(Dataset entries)
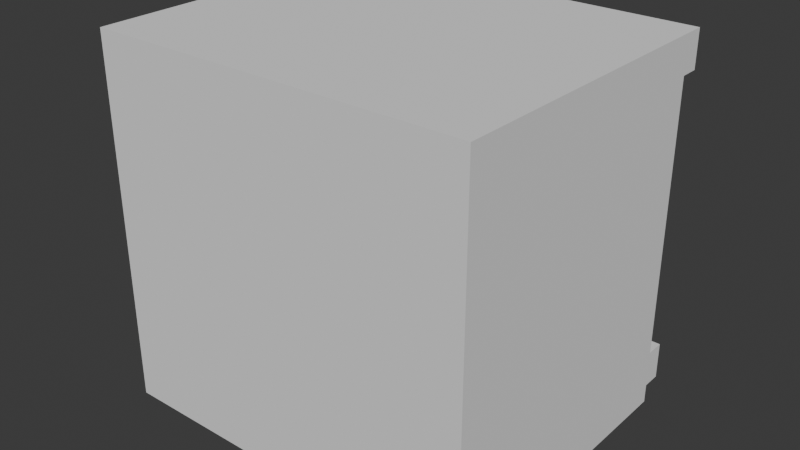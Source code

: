 # Source: bench.blend  (saved by Blender 5.2.45; exported with 4.5.12 LTS)
import bpy
from mathutils import Matrix  # noqa: F401  (used for matrix-valued properties, if any)

bpy.ops.wm.read_factory_settings(use_empty=True)
scene = bpy.context.scene
scene.name = 'Scene'

# ---- collections
col_collection = bpy.data.collections.new('Collection'); scene.collection.children.link(col_collection)

# ---- world
world_world = bpy.data.worlds.new('World'); scene.world = world_world
world_world.use_nodes = True; world_world.node_tree.nodes.clear()
_N = world_world.node_tree.nodes; _L = world_world.node_tree.links
n0 = _N.new('ShaderNodeOutputWorld'); n0.name = 'World Output'; n0.location = (200, 100)
n1 = _N.new('ShaderNodeBackground'); n1.name = 'Background'; n1.location = (-200, 100)
n1.inputs[0].default_value = (0.05088, 0.05088, 0.05088, 1.0)
_L.new(n1.outputs[0], n0.inputs[0])
n0.is_active_output = True
world_world.color = (0.05088, 0.05088, 0.05088)
world_world.sun_shadow_jitter_overblur = 0.0

# ---- meshes
me_cube_010 = bpy.data.meshes.new('Cube.010')
me_cube_010.from_pydata([(-0.008384, -0.5747, 0.08356), (-0.008384, -0.5747, 0.1003), (-0.008384, -0.5379, 0.08356), (-0.008384, -0.5287, 0.1003), (0.008384, -0.5747, 0.08356), (0.008384, -0.5747, 0.1003), (0.008384, -0.5379, 0.08356), (0.008384, -0.5287, 0.1003), (-0.008384, -0.5747, -0.08356), (-0.008384, -0.5747, -0.1003), (-0.008384, -0.5379, -0.08356), (-0.008384, -0.5287, -0.1003), (0.008384, -0.5747, -0.08356), (0.008384, -0.5747, -0.1003), (0.008384, -0.5379, -0.08356), (0.008384, -0.5287, -0.1003), (-0.2671, -0.5747, 0.08356), (-0.2671, -0.5747, 0.1003), (-0.2671, -0.5379, 0.08356), (-0.2671, -0.5287, 0.1003), (-0.2839, -0.5747, 0.08356), (-0.2839, -0.5747, 0.1003), (-0.2839, -0.5379, 0.08356), (-0.2839, -0.5287, 0.1003), (-0.2671, -0.5747, -0.08356), (-0.2671, -0.5747, -0.1003), (-0.2671, -0.5379, -0.08356), (-0.2671, -0.5287, -0.1003), (-0.2839, -0.5747, -0.08356), (-0.2839, -0.5747, -0.1003), (-0.2839, -0.5379, -0.08356), (-0.2839, -0.5287, -0.1003), (0.5395, -0.5747, 0.4163), (0.5395, -0.5747, -0.5061), (-0.1378, -0.5747, -0.5061), (-0.1378, -0.5747, 0.4163), (-0.9493, -1.846, -0.7877), (-0.9493, -1.846, 0.6979), (-0.9493, -0.4935, -0.7877), (-0.9493, -0.4935, 0.6979), (0.6738, -1.846, -0.7877), (0.6738, -1.846, 0.6979), (0.6738, -0.4935, -0.7877), (0.6738, -0.4935, 0.6979), (-0.9493, -1.846, -0.6296), (-0.9493, -1.846, 0.5398), (-0.9493, -0.4935, 0.5398), (-0.9493, -0.4935, -0.6296), (0.6738, -0.4935, 0.5398), (0.6738, -0.4935, -0.6296), (0.6738, -1.846, 0.5398), (0.6738, -1.846, -0.6296), (-0.9493, -0.4935, 0.5398), (-0.9493, -0.4935, -0.6296), (0.6738, -0.4935, 0.5398), (0.6738, -0.4935, -0.6296), (-0.9493, -0.4935, 0.5398), (-0.9493, -0.4935, -0.6296), (0.6738, -0.4935, 0.5398), (0.6738, -0.4935, -0.6296), (-0.9493, -0.5747, 0.5398), (-0.9493, -0.5747, -0.6296), (0.6738, -0.5747, 0.5398), (0.6738, -0.5747, -0.6296), (-0.9493, -1.846, -0.8679), (-0.9493, -1.846, -0.7877), (0.6738, -1.846, -0.7877), (0.6738, -1.846, -0.8679), (-0.9493, -0.5747, -0.7877), (-0.9493, -0.5747, -0.8679), (0.6738, -0.5747, -0.7877), (0.6738, -0.5747, -0.8679), (-0.8646, -0.5747, -0.5702), (-0.8646, -0.5747, 0.4804), (0.5891, -0.5747, 0.4804), (0.5891, -0.5747, -0.5702), (-0.815, -0.5747, -0.5061), (-0.815, -0.5747, 0.4163), (0.5395, -0.5747, 0.4163), (0.5395, -0.5747, -0.5061), (-0.2969, -0.5747, -0.2313), (-0.2969, -0.5747, -0.1588), (-0.253, -0.5747, -0.1588), (-0.253, -0.5747, -0.2313), (-0.2969, -0.5584, -0.1588), (-0.2969, -0.5584, -0.2313), (-0.253, -0.5584, -0.2313), (-0.253, -0.5584, -0.1588)], [(58, 62)], [(0, 1, 3, 2), (6, 7, 5, 4), (2, 6, 4, 0), (7, 3, 1, 5), (7, 3, 11, 15), (2, 3, 7, 6), (8, 10, 11, 9), (14, 12, 13, 15), (10, 8, 12, 14), (15, 13, 9, 11), (2, 6, 14, 10), (15, 11, 10, 14), (14, 6, 7, 15), (11, 3, 2, 10), (16, 18, 19, 17), (22, 20, 21, 23), (18, 16, 20, 22), (23, 21, 17, 19), (23, 31, 27, 19), (18, 22, 23, 19), (24, 25, 27, 26), (30, 31, 29, 28), (26, 30, 28, 24), (31, 27, 25, 29), (18, 26, 30, 22), (31, 30, 26, 27), (30, 31, 23, 22), (27, 26, 18, 19), (34, 35, 32, 33), (83, 80, 85, 86), (46, 39, 43, 48), (48, 43, 41, 50), (50, 41, 37, 45), (38, 42, 40, 36), (43, 39, 37, 41), (40, 51, 44, 36), (51, 50, 45, 44), (42, 49, 51, 40), (38, 47, 49, 42), (46, 48, 54, 52), (36, 44, 47, 38), (50, 62, 63, 51), (49, 47, 53, 55), (59, 57, 61, 63), (55, 53, 57, 59), (53, 47, 61, 57), (52, 54, 58, 56), (59, 63, 51, 55), (52, 56, 60, 46), (44, 45, 60, 61, 47), (45, 37, 39, 46, 60), (67, 66, 65, 64), (66, 70, 71, 67), (69, 68, 70, 71), (64, 65, 68, 69), (61, 60, 73, 72), (60, 62, 74, 73), (62, 63, 75, 74), (63, 61, 72, 75), (72, 73, 77, 76), (73, 74, 78, 77), (74, 75, 79, 78), (75, 72, 76, 79), (77, 35, 34, 76), (85, 84, 87, 86), (80, 81, 84, 85), (82, 83, 86, 87), (81, 82, 87, 84)])
_uv = me_cube_010.uv_layers.new(name='UVMap')
_uv.uv.foreach_set('vector', [0.375, 0.0, 0.625, 0.0, 0.625, 0.25, 0.375, 0.25, 0.375, 0.5, 0.625, 0.5, 0.625, 0.75, 0.375, 0.75, 0.125, 0.5, 0.375, 0.5, 0.375, 0.75, 0.125, 0.75, 0.625, 0.5, 0.875, 0.5, 0.875, 0.75, 0.625, 0.75, 0.625, 0.5, 0.875, 0.5, 0.875, 0.5, 0.625, 0.5, 0.375, 0.25, 0.875, 0.5, 0.625, 0.5, 0.375, 0.5, 0.375, 0.0, 0.375, 0.25, 0.625, 0.25, 0.625, 0.0, 0.375, 0.5, 0.375, 0.75, 0.625, 0.75, 0.625, 0.5, 0.125, 0.5, 0.125, 0.75, 0.375, 0.75, 0.375, 0.5, 0.625, 0.5, 0.625, 0.75, 0.875, 0.75, 0.875, 0.5, 0.125, 0.5, 0.375, 0.5, 0.375, 0.5, 0.125, 0.5, 0.625, 0.5, 0.625, 0.25, 0.125, 0.5, 0.375, 0.5, 0.0, 0.0, 0.0, 0.0, 0.0, 0.0, 0.0, 0.0, 0.0, 0.0, 0.0, 0.0, 0.0, 0.0, 0.0, 0.0, 0.375, 0.0, 0.375, 0.25, 0.625, 0.25, 0.625, 0.0, 0.375, 0.5, 0.375, 0.75, 0.625, 0.75, 0.625, 0.5, 0.125, 0.5, 0.125, 0.75, 0.375, 0.75, 0.375, 0.5, 0.625, 0.5, 0.625, 0.75, 0.875, 0.75, 0.875, 0.5, 0.625, 0.5, 0.625, 0.5, 0.875, 0.5, 0.875, 0.5, 0.375, 0.25, 0.375, 0.5, 0.625, 0.5, 0.875, 0.5, 0.375, 0.0, 0.625, 0.0, 0.625, 0.25, 0.375, 0.25, 0.375, 0.5, 0.625, 0.5, 0.625, 0.75, 0.375, 0.75, 0.125, 0.5, 0.375, 0.5, 0.375, 0.75, 0.125, 0.75, 0.625, 0.5, 0.875, 0.5, 0.875, 0.75, 0.625, 0.75, 0.125, 0.5, 0.125, 0.5, 0.375, 0.5, 0.375, 0.5, 0.625, 0.5, 0.375, 0.5, 0.125, 0.5, 0.625, 0.25, 0.0, 0.0, 0.0, 0.0, 0.0, 0.0, 0.0, 0.0, 0.0, 0.0, 0.0, 0.0, 0.0, 0.0, 0.0, 0.0, 0.4671, 0.375, 0.5329, 0.375, 0.5329, 0.4846, 0.4671, 0.4846, 0.4924, 0.3306, 0.4924, 0.3098, 0.4924, 0.3098, 0.4924, 0.3306, 0.5417, 0.25, 0.625, 0.25, 0.625, 0.5, 0.5417, 0.5, 0.5417, 0.5, 0.625, 0.5, 0.625, 0.75, 0.5417, 0.75, 0.5417, 0.75, 0.625, 0.75, 0.625, 1.0, 0.5417, 1.0, 0.125, 0.5, 0.375, 0.5, 0.375, 0.75, 0.125, 0.75, 0.625, 0.5, 0.875, 0.5, 0.875, 0.75, 0.625, 0.75, 0.375, 0.75, 0.4583, 0.75, 0.4583, 1.0, 0.375, 1.0, 0.4583, 0.75, 0.5417, 0.75, 0.5417, 1.0, 0.4583, 1.0, 0.375, 0.5, 0.4583, 0.5, 0.4583, 0.75, 0.375, 0.75, 0.375, 0.25, 0.4583, 0.25, 0.4583, 0.5, 0.375, 0.5, 0.5417, 0.25, 0.5417, 0.5, 0.5417, 0.5, 0.5417, 0.25, 0.375, 0.0, 0.4583, 0.0, 0.4583, 0.25, 0.375, 0.25, 0.5417, 0.75, 0.5417, 0.5, 0.4583, 0.5, 0.4583, 0.75, 0.4583, 0.5, 0.4583, 0.25, 0.4583, 0.25, 0.4583, 0.5, 0.4583, 0.5, 0.4583, 0.25, 0.4583, 0.25, 0.4583, 0.5, 0.4583, 0.5, 0.4583, 0.25, 0.4583, 0.25, 0.4583, 0.5, 0.0, 0.0, 0.0, 0.0, 0.0, 0.0, 0.0, 0.0, 0.5417, 0.25, 0.5417, 0.5, 0.5417, 0.5, 0.5417, 0.25, 0.4583, 0.5, 0.4583, 0.5, 0.4583, 0.75, 0.4583, 0.5, 0.5417, 0.25, 0.5417, 0.25, 0.0, 0.0, 0.5417, 0.25, 0.4583, 0.0, 0.5417, 1.0, 0.5417, 0.25, 0.0, 0.0, 0.4583, 0.25, 0.5417, 1.0, 0.875, 0.75, 0.625, 0.25, 0.5417, 0.25, 0.5417, 0.25, 0.4583, 0.75, 0.5417, 0.75, 0.5417, 1.0, 0.4583, 1.0, 0.5417, 0.75, 0.5417, 0.5, 0.4583, 0.5, 0.4583, 0.75, 0.4583, 0.25, 0.5417, 0.25, 0.5417, 0.5, 0.4583, 0.5, 0.4583, 1.0, 0.5417, 1.0, 0.5417, 0.25, 0.4583, 0.25, 0.4583, 0.25, 0.5417, 0.25, 0.5374, 0.2574, 0.4626, 0.2574, 0.5417, 0.25, 0.5417, 0.5, 0.5374, 0.4926, 0.5374, 0.2574, 0.5417, 0.5, 0.4583, 0.5, 0.4626, 0.4926, 0.5374, 0.4926, 0.4583, 0.5, 0.4583, 0.25, 0.4626, 0.2574, 0.4626, 0.4926, 0.4626, 0.2574, 0.5374, 0.2574, 0.5329, 0.2654, 0.4671, 0.2654, 0.5374, 0.2574, 0.5374, 0.4926, 0.5329, 0.4846, 0.5329, 0.2654, 0.5374, 0.4926, 0.4626, 0.4926, 0.4671, 0.4846, 0.5329, 0.4846, 0.4626, 0.4926, 0.4626, 0.2574, 0.4671, 0.2654, 0.4671, 0.4846, 0.5329, 0.2654, 0.5329, 0.375, 0.4671, 0.375, 0.4671, 0.2654, 0.4924, 0.3098, 0.5076, 0.3098, 0.5076, 0.3306, 0.4924, 0.3306, 0.4924, 0.3098, 0.5076, 0.3098, 0.5076, 0.3098, 0.4924, 0.3098, 0.5076, 0.3306, 0.4924, 0.3306, 0.4924, 0.3306, 0.5076, 0.3306, 0.5076, 0.3098, 0.5076, 0.3306, 0.5076, 0.3306, 0.5076, 0.3098])
me_cube_010.update()
me_cube_010.normals_split_custom_set([tuple(v) for v in zip(*[iter([-1.0, -2.1e-08, 0.0, -1.0, -2.1e-08, 0.0, -1.0, -2.1e-08, 0.0, -1.0, -2.1e-08, 0.0, 1.0, -2.1e-08, 0.0, 1.0, -2.1e-08, 0.0, 1.0, -2.1e-08, 0.0, 1.0, -2.1e-08, 0.0, 0.0, 4.057e-07, -1.0, 0.0, 4.057e-07, -1.0, 0.0, 4.057e-07, -1.0, 0.0, 4.057e-07, -1.0, 0.0, 3.246e-07, 1.0, 0.0, 3.246e-07, 1.0, 0.0, 3.246e-07, 1.0, 0.0, 3.246e-07, 1.0, 0.0, -1.0, 0.0, 0.0, -1.0, 0.0, 0.0, -1.0, 0.0, 0.0, -1.0, 0.0, -1.0, 2.229e-05, 4.252e-05, 2.306e-05, 1.0, 4.172e-06, -2.295e-05, 1.0, 4.143e-06, -2.306e-05, -1.0, 4.426e-05, -1.0, -1.23e-08, 0.0, -1.0, -1.23e-08, 0.0, -1.0, -1.23e-08, 0.0, -1.0, -1.23e-08, 0.0, 1.0, -1.23e-08, 0.0, 1.0, -1.23e-08, 0.0, 1.0, -1.23e-08, 0.0, 1.0, -1.23e-08, 0.0, 0.0, 4.057e-07, 1.0, 0.0, 4.057e-07, 1.0, 0.0, 4.057e-07, 1.0, 0.0, 4.057e-07, 1.0, 0.0, 3.246e-07, -1.0, 0.0, 3.246e-07, -1.0, 0.0, 3.246e-07, -1.0, 0.0, 3.246e-07, -1.0, 0.0, 1.0, 0.0, 0.0, 1.0, 0.0, 0.0, 1.0, 0.0, 0.0, 1.0, 0.0, -2.306e-05, 1.0, -4.172e-06, -1.0, -2.237e-05, 4.248e-05, 2.306e-05, -1.0, -4.426e-05, -2.295e-05, -1.0, -4.429e-05, -1.0, 0.0, 0.0, -1.0, 0.0, 0.0, -1.0, 0.0, 0.0, -1.0, 0.0, 0.0, 1.0, 0.0, 0.0, 1.0, 0.0, 0.0, 1.0, 0.0, 0.0, 1.0, 0.0, 0.0, 1.0, -3.033e-07, 0.0, 1.0, -3.033e-07, 0.0, 1.0, -3.033e-07, 0.0, 1.0, -3.033e-07, 0.0, -1.0, -7.294e-07, 0.0, -1.0, -7.294e-07, 0.0, -1.0, -7.294e-07, 0.0, -1.0, -7.294e-07, 0.0, 0.0, 2.029e-07, -1.0, 0.0, 2.029e-07, -1.0, 0.0, 2.029e-07, -1.0, 0.0, 2.029e-07, -1.0, 0.0, 3.246e-07, 1.0, 0.0, 3.246e-07, 1.0, 0.0, 3.246e-07, 1.0, 0.0, 3.246e-07, 1.0, 0.0, -1.0, 0.0, 0.0, -1.0, 0.0, 0.0, -1.0, 0.0, 0.0, -1.0, 0.0, 1.0, 2.239e-05, 4.22e-05, 2.295e-05, -1.0, 4.303e-05, 2.306e-05, 1.0, 4.977e-06, -2.295e-05, 1.0, 5.007e-06, 1.0, 0.0, 0.0, 1.0, 0.0, 0.0, 1.0, 0.0, 0.0, 1.0, 0.0, 0.0, -1.0, -6.721e-07, 0.0, -1.0, -6.721e-07, 0.0, -1.0, -6.721e-07, 0.0, -1.0, -6.721e-07, 0.0, 0.0, 2.029e-07, 1.0, 0.0, 2.029e-07, 1.0, 0.0, 2.029e-07, 1.0, 0.0, 2.029e-07, 1.0, 0.0, 3.246e-07, -1.0, 0.0, 3.246e-07, -1.0, 0.0, 3.246e-07, -1.0, 0.0, 3.246e-07, -1.0, 0.0, 1.0, 0.0, 0.0, 1.0, 0.0, 0.0, 1.0, 0.0, 0.0, 1.0, 0.0, 2.295e-05, 1.0, -5.007e-06, 2.306e-05, -1.0, -4.306e-05, -2.295e-05, -1.0, -4.303e-05, 1.0, -2.21e-05, 4.236e-05, 1.0, 0.0, 0.0, 1.0, 0.0, 0.0, 1.0, 0.0, 0.0, 1.0, 0.0, 0.0, -1.0, -1.378e-06, 0.0, -1.0, -1.378e-06, 0.0, -1.0, -1.378e-06, 0.0, -1.0, -1.378e-06, 0.0, 0.0, 1.0, 0.0, 0.0, 1.0, 0.0, 0.0, 1.0, 0.0, 0.0, 1.0, 0.0, 0.0, 0.0, -1.0, 0.0, 0.0, -1.0, 0.0, 0.0, -1.0, 0.0, 0.0, -1.0, 0.0, 1.0, 0.0, 0.0, 1.0, 0.0, 0.0, 1.0, 0.0, 0.0, 1.0, 0.0, 1.0, 0.0, 0.0, 1.0, 0.0, 0.0, 1.0, 0.0, 0.0, 1.0, 0.0, 0.0, 0.0, -1.0, 0.0, 0.0, -1.0, 0.0, 0.0, -1.0, 0.0, 0.0, -1.0, 0.0, 0.0, 0.0, -1.0, 0.0, 0.0, -1.0, 0.0, 0.0, -1.0, 0.0, 0.0, -1.0, 0.0, 0.0, 1.0, 0.0, 0.0, 1.0, 0.0, 0.0, 1.0, 0.0, 0.0, 1.0, 0.0, -1.0, 0.0, 0.0, -1.0, 0.0, 0.0, -1.0, 0.0, 0.0, -1.0, 0.0, 0.0, -1.0, 0.0, 0.0, -1.0, 0.0, 0.0, -1.0, 0.0, 0.0, -1.0, 0.0, 1.0, 0.0, 0.0, 1.0, 0.0, 0.0, 1.0, 0.0, 0.0, 1.0, 0.0, 0.0, 0.0, 1.0, 0.0, 0.0, 1.0, 0.0, 0.0, 1.0, 0.0, 0.0, 1.0, 0.0, 0.0, 0.0, 1.0, 0.0, 0.0, 1.0, 0.0, 0.0, 1.0, 0.0, 0.0, 1.0, -1.0, 0.0, 0.0, -1.0, 0.0, 0.0, -1.0, 0.0, 0.0, -1.0, 0.0, 0.0, -1.0, 0.0, 0.0, -1.0, 0.0, 0.0, -1.0, 0.0, 0.0, -1.0, 0.0, 0.0, 0.0, 0.0, 1.0, 0.0, 0.0, 1.0, 0.0, 0.0, 1.0, 0.0, 0.0, 1.0, 0.0, 0.0, 1.0, 0.0, 0.0, 1.0, 0.0, 0.0, 1.0, 0.0, 0.0, 1.0, 0.0, 0.0, 1.0, 0.0, 0.0, 1.0, 0.0, 0.0, 1.0, 0.0, 0.0, 1.0, 0.0, 0.0, 1.0, 0.0, 0.0, 1.0, 0.0, 0.0, 1.0, 0.0, 0.0, 1.0, 0.0, 0.0, 1.0, 0.0, 0.0, 1.0, 0.0, 0.0, 1.0, 0.0, 0.0, 1.0, 0.0, 0.0, 1.0, 0.0, 0.0, 1.0, 0.0, 0.0, 1.0, 0.0, 0.0, 1.0, 0.0, 0.0, 1.0, 0.0, 0.0, 1.0, 0.0, 0.0, 1.0, 0.0, 0.0, 1.0, -1.0, 8.019e-08, 0.0, -1.0, 8.019e-08, 0.0, -1.0, 8.019e-08, 0.0, -1.0, 8.019e-08, 0.0, -1.0, 8.019e-08, 0.0, -1.0, 0.0, 0.0, -1.0, 0.0, 0.0, -1.0, 0.0, 0.0, -1.0, 0.0, 0.0, -1.0, 0.0, 0.0, 0.0, -1.0, 0.0, 0.0, -1.0, 0.0, 0.0, -1.0, 0.0, 0.0, -1.0, 0.0, -1.0, 0.0, 0.0, -1.0, 0.0, 0.0, -1.0, 0.0, 0.0, -1.0, 0.0, 0.0, 0.0, 1.0, 0.0, 0.0, 1.0, 0.0, 0.0, 1.0, 0.0, 0.0, 1.0, 0.0, -1.0, 0.0, 0.0, -1.0, 0.0, 0.0, -1.0, 0.0, 0.0, -1.0, 0.0, 0.0, -7.033e-07, 1.0, 0.0, -7.033e-07, 1.0, 0.0, -7.033e-07, 1.0, 0.0, -7.033e-07, 1.0, 0.0, 0.0, 1.0, 6.524e-07, 0.0, 1.0, 6.524e-07, 0.0, 1.0, 6.524e-07, 0.0, 1.0, 6.524e-07, 7.033e-07, 1.0, 0.0, 7.033e-07, 1.0, 0.0, 7.033e-07, 1.0, 0.0, 7.033e-07, 1.0, 0.0, 0.0, 1.0, -6.524e-07, 0.0, 1.0, -6.524e-07, 0.0, 1.0, -6.524e-07, 0.0, 1.0, -6.524e-07, 0.0, 1.0, 0.0, 0.0, 1.0, 0.0, 0.0, 1.0, 0.0, 0.0, 1.0, 0.0, 0.0, 1.0, 6.619e-07, 0.0, 1.0, 6.619e-07, 0.0, 1.0, 6.619e-07, 0.0, 1.0, 6.619e-07, 0.0, 1.0, 0.0, 0.0, 1.0, 0.0, 0.0, 1.0, 0.0, 0.0, 1.0, 0.0, 0.0, 1.0, -6.619e-07, 0.0, 1.0, -6.619e-07, 0.0, 1.0, -6.619e-07, 0.0, 1.0, -6.619e-07, 0.0, 1.0, 0.0, 0.0, 1.0, 0.0, 0.0, 1.0, 0.0, 0.0, 1.0, 0.0, 0.0, 1.0, -3.852e-08, 0.0, 1.0, -3.852e-08, 0.0, 1.0, -3.852e-08, 0.0, 1.0, -3.852e-08, -1.0, 0.0, 0.0, -1.0, 0.0, 0.0, -1.0, 0.0, 0.0, -1.0, 0.0, 0.0, 1.0, 0.0, 4.114e-07, 1.0, 0.0, 4.114e-07, 1.0, 0.0, 4.114e-07, 1.0, 0.0, 4.114e-07, 0.0, 0.0, 1.0, 0.0, 0.0, 1.0, 0.0, 0.0, 1.0, 0.0, 0.0, 1.0])] * 3)])

# ---- objects
ob_bench = bpy.data.objects.new('bench', me_cube_010)

# ---- transforms, parenting, visibility, modifiers, constraints
ob_bench.location = (0.06447, 0.2123, -0.2929)

# ---- collection membership
col_collection.objects.link(ob_bench)

# ---- scene / render settings (as saved in the file)
scene.frame_start = 1; scene.frame_end = 250; scene.frame_set(1)
scene.render.engine = 'BLENDER_EEVEE_NEXT'
scene.render.bake_bias = 0.0
scene.render.bake_samples = 0
scene.render.compositor_device = 'GPU'
scene.eevee.use_volume_custom_range = False
scene.eevee.fast_gi_thickness_near = 0.1
scene.eevee.fast_gi_thickness_far = 0.0
scene.eevee.ray_tracing_options.screen_trace_thickness = 0.1
bpy.context.view_layer.update()

# ---- added for rendering (the .blend has no active camera and no usable light): camera, sun
cam_auto = bpy.data.cameras.new('AutoCamera')
cam_auto.lens = 50.0
cam_auto.sensor_width = 36.0
cam_auto.clip_end = 1000.0
ob_auto_camera = bpy.data.objects.new('AutoCamera', cam_auto)
scene.collection.objects.link(ob_auto_camera)
ob_auto_camera.location = (2.3598, -3.87712, 1.56864)
ob_auto_camera.rotation_euler = (1.09748, -7.21219e-08, 0.694738)
scene.camera = ob_auto_camera
light_auto_sun = bpy.data.lights.new('AutoSun', 'SUN')
light_auto_sun.energy = 3.0
light_auto_sun.angle = 0.0523599
ob_auto_sun = bpy.data.objects.new('AutoSun', light_auto_sun)
scene.collection.objects.link(ob_auto_sun)
ob_auto_sun.rotation_euler = (0.872665, 0.174533, 0.523599)
bpy.context.view_layer.update()

**THE TASK**
Every line from the one containing "light_auto_sun = bpy.data.lights.new('AutoSun', 'SUN')" through the last line of the entries must be written out verbatim, and no other line.

**ANSWER SPACE**
light_auto_sun = bpy.data.lights.new('AutoSun', 'SUN')
light_auto_sun.energy = 3.0
light_auto_sun.angle = 0.0523599
ob_auto_sun = bpy.data.objects.new('AutoSun', light_auto_sun)
scene.collection.objects.link(ob_auto_sun)
ob_auto_sun.rotation_euler = (0.872665, 0.174533, 0.523599)
bpy.context.view_layer.update()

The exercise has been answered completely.